Only the lines from the beginning of the entries through the one that holds "for name, color, linetype in" may appear in the answer, written out exactly and free of pictures.

(Beginning of Material supplied)

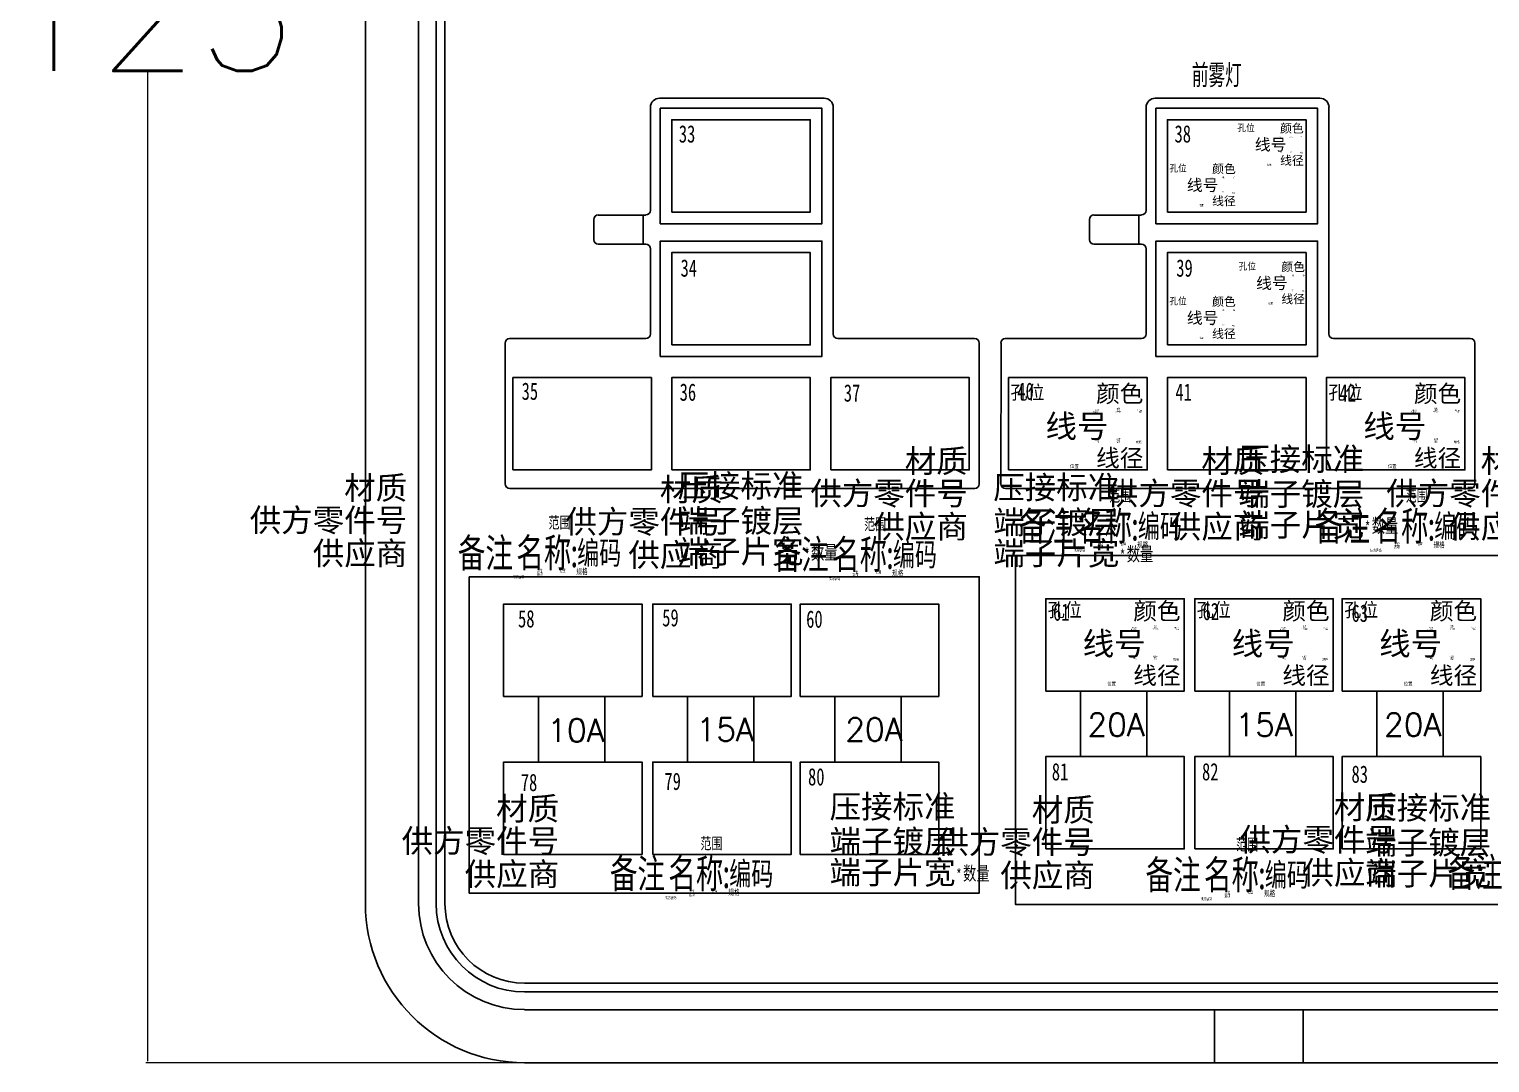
# Model space of a CAD drawing. Header units: millimetres. Extents: x -2653 to 6698, y -4403 to -42.
# Drawn here: x -2652.6 to -2526, y -342 to -252.4 of the extents above; entities that cross this region are included whole.
import ezdxf
from ezdxf.enums import TextEntityAlignment as Align

# ---------------------------------------------------------------- set-up
doc = ezdxf.new("R2010")
doc.units = ezdxf.units.MM
doc.header["$MEASUREMENT"] = 0
for name, color, linetype in [('文字', 3, 'Continuous'), ('轮廓线', 7, 'Continuous'), ('附件-供应商', 43, 'Continuous'), ('附件-名称', 53, 'Continuous'), ('附件-数量', 21, 'Continuous'), ('附件-编码', 52, 'Continuous')]:
    doc.layers.add(name, color=color, linetype=linetype)
for name, color, linetype, plot in [('附件-不打印', 2, 'Continuous', False), ('隐藏-剥皮长度', 2, 'Continuous', False), ('隐藏-加余量', 1, 'Continuous', False), ('隐藏-备注', 1, 'Continuous', False), ('隐藏-孔位', 1, 'Continuous', False), ('隐藏-对应端子', 2, 'Continuous', False), ('隐藏-规格', 1, 'Continuous', False), ('隐藏-辅助信息', 3, 'Continuous', False), ('隐藏-防水栓', 2, 'Continuous', False)]:
    doc.layers.add(name, color=color, linetype=linetype, plot=plot)
doc.styles.add('CL', font='', dxfattribs={"height": 2})
doc.styles.get("Standard").update_dxf_attribs({"font": 'txt', "bigfont": 'gbcbig.shx'})
doc.styles.add('灯泡', font='', dxfattribs={"width": 0.7})
doc.styles.get('CL').set_extended_font_data('SimSun')
doc.styles.get('灯泡').set_extended_font_data('NSimSun')

msp = doc.modelspace()

# ---------------------------------------------------------------- linework, layer by layer
at = {"color": 0, "lineweight": -3}
for p, q in [((-2618.83, -328.19), (-2618.83, -173.95)), ((-2617.3, -328.19), (-2617.3, -173.95)), ((-2616.54, -328.2), (-2616.54, -173.95)), ((-2623.43, -246.74), (-2623.43, -328.2)), ((-2610.92, -292.22), (-2570.65, -292.23)), ((-2567.98, -292.22), (-2527.71, -292.23)), ((-2275.57, -335.08), (-2609.64, -335.08)), ((-2275.57, -335.84), (-2609.64, -335.84)), ((-2275.57, -337.38), (-2609.64, -337.38)), ((-2609.64, -341.97), (-2549.88, -341.97)), ((-2542.21, -341.97), (-2479.38, -341.97))]:
    msp.add_line(p, q, dxfattribs=at)
at = {"color": 0, "lineweight": -3, "ltscale": 0.189884}
for p, q in [((-2598.74, -259.21), (-2598.74, -267.34)), ((-2555.8, -259.21), (-2555.8, -267.34))]:
    msp.add_line(p, q, dxfattribs=at)
at = {"color": 0, "lineweight": -3, "ltscale": 0.0792}
for p, q in [((-2594.78, -258.41), (-2597.95, -258.42)), ((-2551.84, -258.41), (-2555.01, -258.42))]:
    msp.add_line(p, q, dxfattribs=at)
at = {"color": 0, "lineweight": -3, "ltscale": 0.198}
for p, q in [((-2586.86, -258.42), (-2594.78, -258.41)), ((-2543.92, -258.42), (-2551.84, -258.41))]:
    msp.add_line(p, q, dxfattribs=at)
at = {"color": 0, "lineweight": -3, "ltscale": 0.079195}
for p, q in [((-2583.69, -258.42), (-2586.86, -258.42)), ((-2540.75, -258.42), (-2543.92, -258.42))]:
    msp.add_line(p, q, dxfattribs=at)
at = {"color": 0, "lineweight": -3, "ltscale": 0.249284}
for p, q in [((-2582.9, -269.73), (-2582.9, -259.21)), ((-2539.96, -269.73), (-2539.96, -259.21))]:
    msp.add_line(p, q, dxfattribs=at)
at = {"color": 0, "lineweight": -3, "ltscale": 0.019995}
for p, q in [((-2598.74, -267.34), (-2598.74, -268.14)), ((-2555.8, -267.34), (-2555.8, -268.14))]:
    msp.add_line(p, q, dxfattribs=at)
at = {"color": 0, "lineweight": -3, "ltscale": 0.043559}
for p, q in [((-2603.65, -268.93), (-2603.65, -270.68)), ((-2560.71, -268.93), (-2560.71, -270.68))]:
    msp.add_line(p, q, dxfattribs=at)
at = {"color": 0, "lineweight": -3, "ltscale": 0.09702}
for p, q in [((-2599.38, -268.54), (-2603.26, -268.54)), ((-2556.44, -268.54), (-2560.32, -268.54))]:
    msp.add_line(p, q, dxfattribs=at)
at = {"color": 0, "lineweight": -3, "ltscale": 0.063359}
for p, q in [((-2599.38, -271.07), (-2599.38, -268.53)), ((-2556.44, -271.07), (-2556.44, -268.53))]:
    msp.add_line(p, q, dxfattribs=at)
at = {"color": 0, "lineweight": -3, "ltscale": 0.005941}
for p, q in [((-2599.38, -268.54), (-2599.14, -268.54)), ((-2556.44, -268.54), (-2556.2, -268.54)), ((-2599.38, -271.07), (-2599.14, -271.07)), ((-2556.44, -271.07), (-2556.2, -271.07))]:
    msp.add_line(p, q, dxfattribs=at)
at = {"color": 0, "lineweight": -3, "ltscale": 0.227895}
for p, q in [((-2582.91, -278.84), (-2582.9, -269.73)), ((-2539.97, -278.84), (-2539.96, -269.73))]:
    msp.add_line(p, q, dxfattribs=at)
at = {"color": 0, "lineweight": -3, "ltscale": 0.097021}
for p, q in [((-2603.26, -271.07), (-2599.38, -271.07)), ((-2560.32, -271.07), (-2556.44, -271.07))]:
    msp.add_line(p, q, dxfattribs=at)
at = {"color": 0, "lineweight": -3, "ltscale": 0.184138}
for p, q in [((-2598.74, -271.47), (-2598.75, -278.84)), ((-2555.8, -271.47), (-2555.81, -278.84))]:
    msp.add_line(p, q, dxfattribs=at)
at = {"color": 0, "lineweight": -3, "ltscale": 0.06732}
for p, q in [((-2599.14, -279.23), (-2601.83, -279.23)), ((-2556.2, -279.23), (-2558.89, -279.23))]:
    msp.add_line(p, q, dxfattribs=at)
at = {"color": 0, "lineweight": -3, "ltscale": 0.134639}
for p, q in [((-2570.66, -279.24), (-2582.51, -279.24)), ((-2527.72, -279.24), (-2539.57, -279.24))]:
    msp.add_line(p, q, dxfattribs=at)
at = {"color": 0, "lineweight": -3, "ltscale": 0.304921}
for p, q in [((-2611.32, -279.63), (-2611.32, -291.82)), ((-2568.37, -279.63), (-2568.38, -291.82))]:
    msp.add_line(p, q, dxfattribs=at)
at = {"color": 0, "lineweight": -3, "ltscale": 0.101351}
for p, q in [((-2549.88, -337.38), (-2549.88, -341.97)), ((-2542.21, -341.97), (-2542.21, -337.38))]:
    msp.add_line(p, q, dxfattribs=at)
at = {"color": 0, "lineweight": -3, "ltscale": 0.168919}
msp.add_line((-2542.21, -341.97), (-2549.88, -341.97), dxfattribs=at)
at = {"color": 0, "lineweight": -3}
for points in [[(-2596.89, -268.29), (-2584.89, -268.29), (-2584.89, -260.29), (-2596.89, -260.29)], [(-2553.95, -268.29), (-2541.95, -268.29), (-2541.95, -260.29), (-2553.95, -260.29)], [(-2596.89, -279.79), (-2584.89, -279.79), (-2584.89, -271.79), (-2596.89, -271.79)], [(-2553.95, -279.79), (-2541.95, -279.79), (-2541.95, -271.79), (-2553.95, -271.79)], [(-2610.65, -290.62), (-2598.65, -290.62), (-2598.65, -282.62), (-2610.65, -282.62)], [(-2596.89, -290.62), (-2584.89, -290.62), (-2584.89, -282.62), (-2596.89, -282.62)], [(-2583.12, -290.62), (-2571.12, -290.62), (-2571.12, -282.62), (-2583.12, -282.62)], [(-2567.71, -290.62), (-2555.71, -290.62), (-2555.71, -282.62), (-2567.71, -282.62)], [(-2553.95, -290.62), (-2541.95, -290.62), (-2541.95, -282.62), (-2553.95, -282.62)], [(-2540.18, -290.62), (-2528.18, -290.62), (-2528.18, -282.62), (-2540.18, -282.62)], [(-2611.46, -310.24), (-2599.46, -310.24), (-2599.46, -302.24), (-2611.46, -302.24)], [(-2598.54, -310.24), (-2586.54, -310.24), (-2586.54, -302.24), (-2598.54, -302.24)], [(-2585.77, -310.24), (-2573.77, -310.24), (-2573.77, -302.24), (-2585.77, -302.24)], [(-2564.5, -309.78), (-2552.5, -309.78), (-2552.5, -301.78), (-2564.5, -301.78)], [(-2551.59, -309.78), (-2539.59, -309.78), (-2539.59, -301.78), (-2551.59, -301.78)], [(-2538.82, -309.78), (-2526.82, -309.78), (-2526.82, -301.78), (-2538.82, -301.78)], [(-2611.46, -323.92), (-2599.46, -323.92), (-2599.46, -315.92), (-2611.46, -315.92)], [(-2598.54, -323.92), (-2586.54, -323.92), (-2586.54, -315.92), (-2598.54, -315.92)], [(-2585.77, -323.92), (-2573.77, -323.92), (-2573.77, -315.92), (-2585.77, -315.92)], [(-2564.5, -323.45), (-2552.5, -323.45), (-2552.5, -315.45), (-2564.5, -315.45)], [(-2551.59, -323.45), (-2539.59, -323.45), (-2539.59, -315.45), (-2551.59, -315.45)], [(-2538.82, -323.45), (-2526.82, -323.45), (-2526.82, -315.45), (-2538.82, -315.45)]]:
    msp.add_lwpolyline(points, close=True, dxfattribs=at)
for points in [[(-2561.49, -315.45), (-2561.49, -309.78)], [(-2555.74, -309.78), (-2555.74, -315.45)], [(-2548.58, -315.45), (-2548.58, -309.78)], [(-2542.83, -309.78), (-2542.83, -315.45)], [(-2535.81, -315.45), (-2535.81, -309.78)], [(-2530.06, -309.78), (-2530.06, -315.45)], [(-2608.45, -315.92), (-2608.45, -310.24)], [(-2602.7, -310.24), (-2602.7, -315.92)], [(-2595.53, -315.92), (-2595.53, -310.24)], [(-2589.78, -310.24), (-2589.78, -315.92)], [(-2582.76, -315.92), (-2582.76, -310.24)], [(-2577.01, -310.24), (-2577.01, -315.92)]]:
    msp.add_lwpolyline(points, dxfattribs=at)
for centre, radius, start, end in [((-2597.95, -259.21), 0.792, 89.9804, 179.9804), ((-2583.69, -259.21), 0.792, 359.9804, 89.994), ((-2555.01, -259.21), 0.792, 89.9804, 179.9804), ((-2540.75, -259.21), 0.792, 359.9804, 89.994), ((-2599.14, -268.14), 0.396, 269.9804, 359.9804), ((-2556.2, -268.14), 0.396, 269.9804, 359.9804), ((-2603.26, -268.93), 0.396, 89.9804, 179.9804), ((-2560.32, -268.93), 0.396, 89.9804, 179.9804), ((-2603.26, -270.68), 0.396, 179.9804, 269.9804), ((-2560.32, -270.68), 0.396, 179.9804, 269.9804), ((-2599.14, -271.47), 0.396, 359.9804, 89.9804), ((-2556.2, -271.47), 0.396, 359.9804, 89.9804), ((-2610.92, -279.63), 0.396, 94.0407, 179.9804), ((-2599.14, -278.84), 0.396, 269.9804, 359.9804), ((-2582.51, -278.84), 0.396, 179.9804, 269.9804), ((-2570.66, -279.63), 0.396, 359.9804, 89.9804), ((-2567.98, -279.63), 0.396, 94.0407, 179.9804), ((-2556.2, -278.84), 0.396, 269.9804, 359.9804), ((-2539.57, -278.84), 0.396, 179.9804, 269.9804), ((-2527.72, -279.63), 0.396, 359.9804, 89.9804), ((-2610.92, -291.82), 0.396, 179.9804, 269.9804), ((-2570.66, -291.83), 0.396, 269.9804, 359.9804), ((-2567.98, -291.82), 0.396, 179.9804, 269.9804), ((-2527.72, -291.83), 0.396, 269.9804, 359.9804), ((-2609.64, -328.18), 13.79, 180, 270), ((-2609.64, -328.18), 9.19, 180, 270), ((-2609.64, -328.18), 7.66, 180, 270), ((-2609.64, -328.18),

(End of Material supplied)

→ Exercise output
# Model space of a CAD drawing. Header units: millimetres. Extents: x -2653 to 6698, y -4403 to -42.
# Drawn here: x -2652.6 to -2526, y -342 to -252.4 of the extents above; entities that cross this region are included whole.
import ezdxf
from ezdxf.enums import TextEntityAlignment as Align

# ---------------------------------------------------------------- set-up
doc = ezdxf.new("R2010")
doc.units = ezdxf.units.MM
doc.header["$MEASUREMENT"] = 0
for name, color, linetype in [('文字', 3, 'Continuous'), ('轮廓线', 7, 'Continuous'), ('附件-供应商', 43, 'Continuous'), ('附件-名称', 53, 'Continuous'), ('附件-数量', 21, 'Continuous'), ('附件-编码', 52, 'Continuous')]:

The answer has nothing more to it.